§ EXERCISE DIRECTIONS:
Transcribe word for word the lines below from the line with "# Drawn here: x" through the line with "doc.units = ezdxf.units.MM", ends included.

§ EXERCISE MATERIAL:

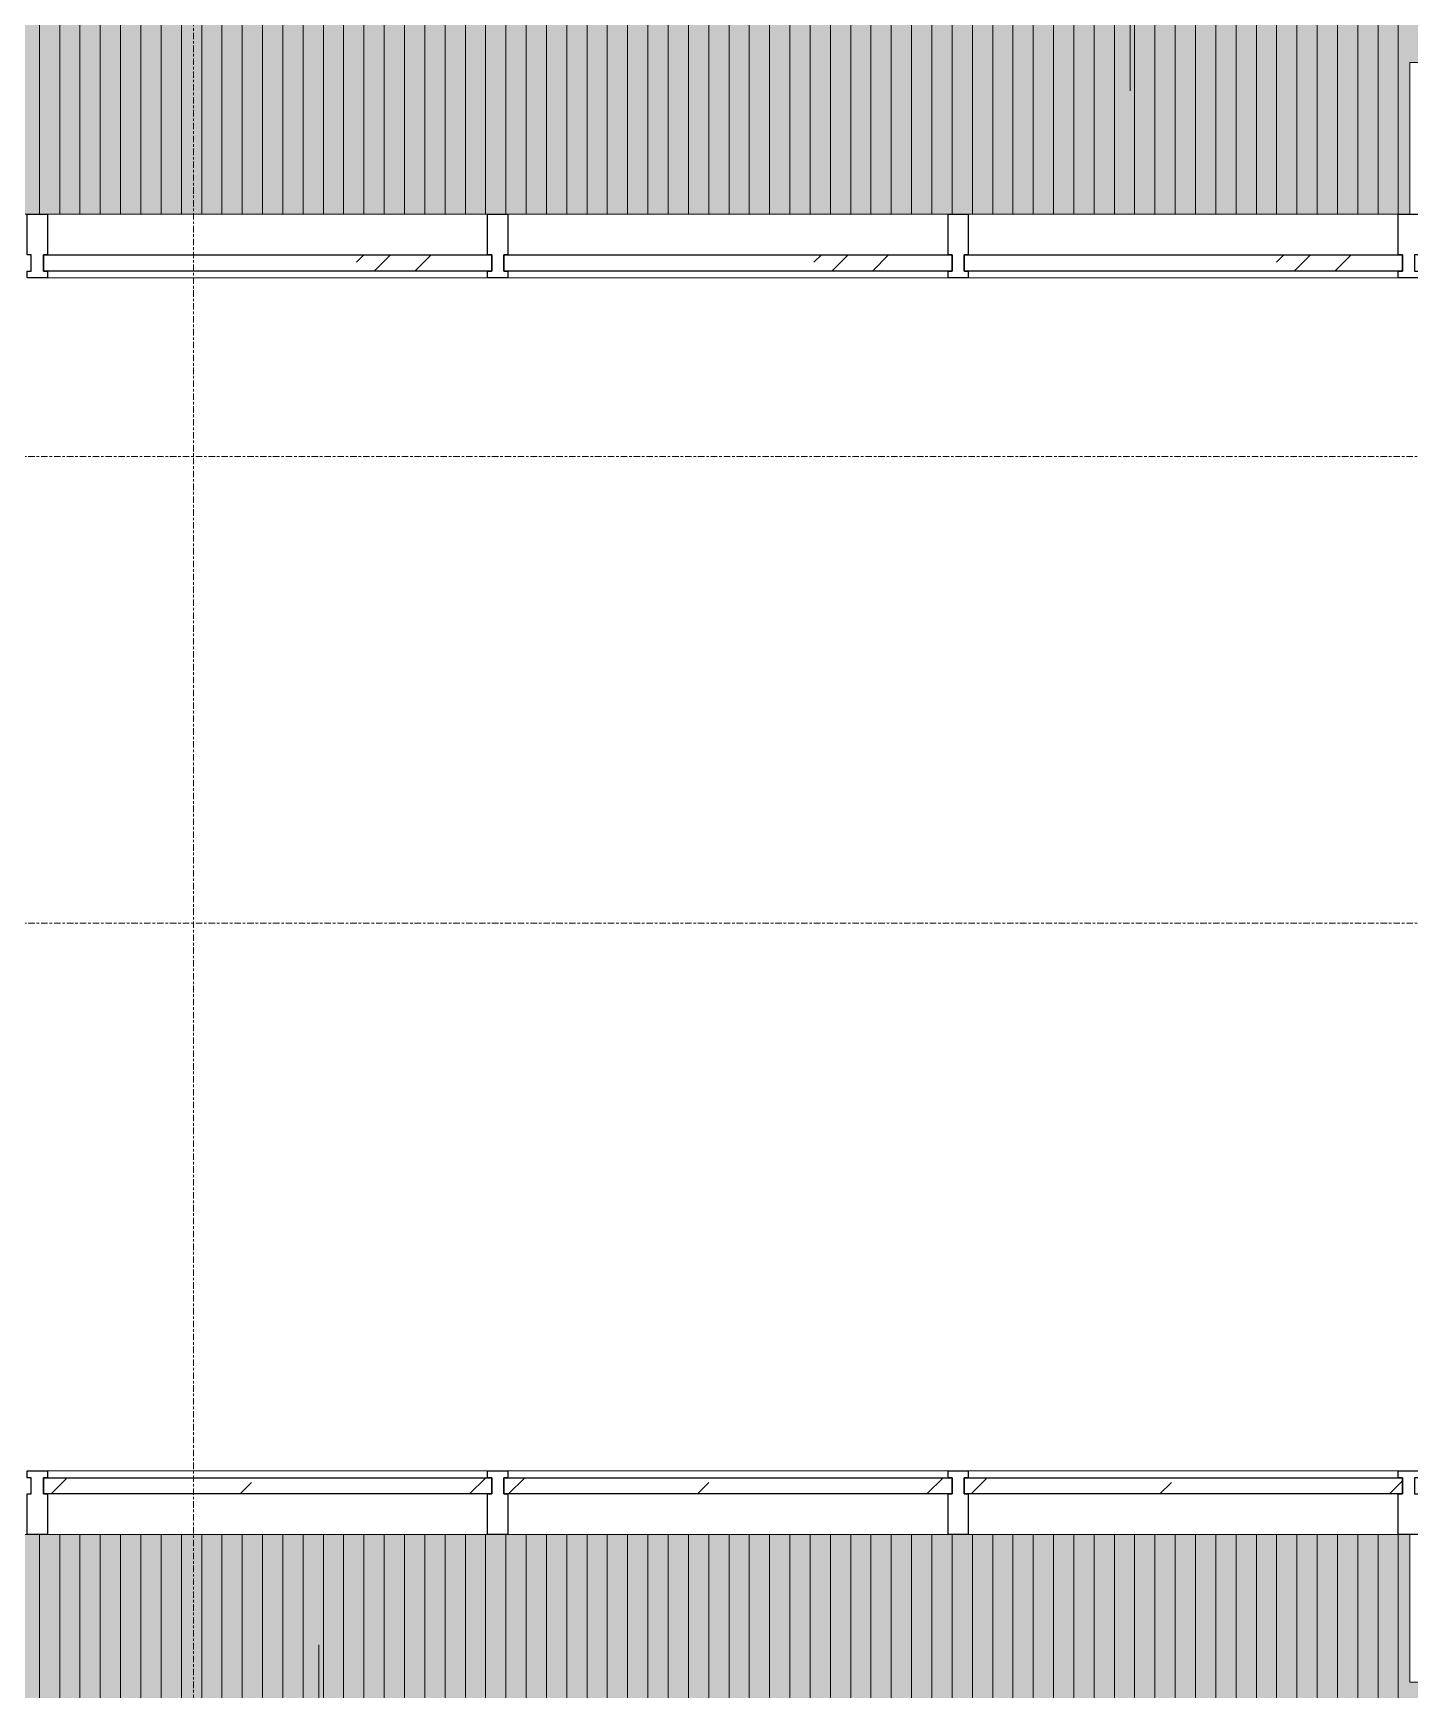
# Model space of a CAD drawing. Header units: millimetres. Extents: x 36059 to 234328, y -8553 to 29000.
# Drawn here: x 75164 to 78558, y 15110 to 19193 of the extents above; entities that cross this region are included whole.
import ezdxf

# ---------------------------------------------------------------- set-up
doc = ezdxf.new("R2010")
doc.units = ezdxf.units.MM
doc.linetypes.add('Осевая', pattern=[31.75, 6.35, -4.7625, 15.875, -4.7625])
doc.layers.add('A-CLNG-1', color=7, linetype='Continuous', lineweight=9, true_color=0xeaeaea)
doc.layers.add('E-LITE-EQPM-2', color=1, linetype='Continuous', lineweight=9, true_color=0xff0000)
for name, color, linetype, lineweight in [('A-CLNG-PATT', 7, 'Continuous', 9), ('A-DETL-GENF', 7, 'Continuous', 9), ('A-GLAZ-CURT', 7, 'Continuous', 9), ('A-GLAZ-CURT-1', 7, 'Continuous', 25), ('A-GLAZ-CWMG', 7, 'Continuous', 9), ('A-GLAZ-CWMG-1', 7, 'Continuous', 25), ('Оси-2', 7, 'Осевая', 9)]:
    doc.layers.add(name, color=color, linetype=linetype, lineweight=lineweight)
doc.layers.add('A-CLNG-PATT-1', color=7, linetype='Continuous', lineweight=9, transparency=1)

# ---------------------------------------------------------------- blocks, each defined once
blk = doc.blocks.new('Прямоугольный импост - Импост структурный с накладкой - 160мм-23562404-Сводный план потолка 3 этажа в осях 12-23')
at = {"layer": 'A-GLAZ-CWMG'}
for p, q in [((77470, 18747), (78530, 18747)), ((77470, 18590), (78530, 18590))]:
    blk.add_line(p, q, dxfattribs=at)
blk = doc.blocks.new('Прямоугольный импост - Импост структурный с накладкой - 160мм-23618922-Сводный план потолка 3 этажа в осях 12-23')
at = {"layer": 'A-GLAZ-CWMG-1'}
for p, q in [((0, 17), (-50, 17)), ((-50, 17), (-50, 0)), ((-50, 0), (-40, 0)), ((-40, 0), (-40, -40)), ((-10, 0), (0, 0)), ((-10, -40), (-10, 0)), ((0, 7), (0, 17)), ((-40, -40), (-50, -40)), ((-50, -40), (-50, -140)), ((0, -40), (-10, -40)), ((-50, -140), (0, -140))]:
    blk.add_line(p, q, dxfattribs=at)
blk = doc.blocks.new('Системная панель - Стекло - 40мм-24234970-Сводный план потолка 3 этажа в осях 12-23')
at = {"layer": 'A-GLAZ-CURT'}
h = blk.add_hatch(dxfattribs=at)
h.set_pattern_fill('FP_46', color=256, style=0, pattern_type=2)
h.set_pattern_definition([(45, (-76977.5, -18507), (-282.8427, 282.8427), [200, -600]), (45, (-77177.5, -18607), (-282.8427, 282.8427), [600, -200]), (45, (-76777.5, -18707), (-282.8427, 282.8427), [200, -600])])
h.paths.add_polyline_path([(552.5, 0), (552.5, 40), (-552.5, 40), (-552.5, 0)])
at = {"layer": 'A-GLAZ-CURT-1'}
for p, q in [((-552.5, 0), (-552.5, 40)), ((-552.5, 40), (552.5, 40)), ((552.5, 0), (-552.5, 0)), ((552.5, 40), (552.5, 0))]:
    blk.add_line(p, q, dxfattribs=at)
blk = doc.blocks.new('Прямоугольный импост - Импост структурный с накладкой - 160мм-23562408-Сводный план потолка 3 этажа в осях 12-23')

§ EXERCISE OUTPUT:
# Drawn here: x 75164 to 78558, y 15110 to 19193 of the extents above; entities that cross this region are included whole.
import ezdxf

# ---------------------------------------------------------------- set-up
doc = ezdxf.new("R2010")
doc.units = ezdxf.units.MM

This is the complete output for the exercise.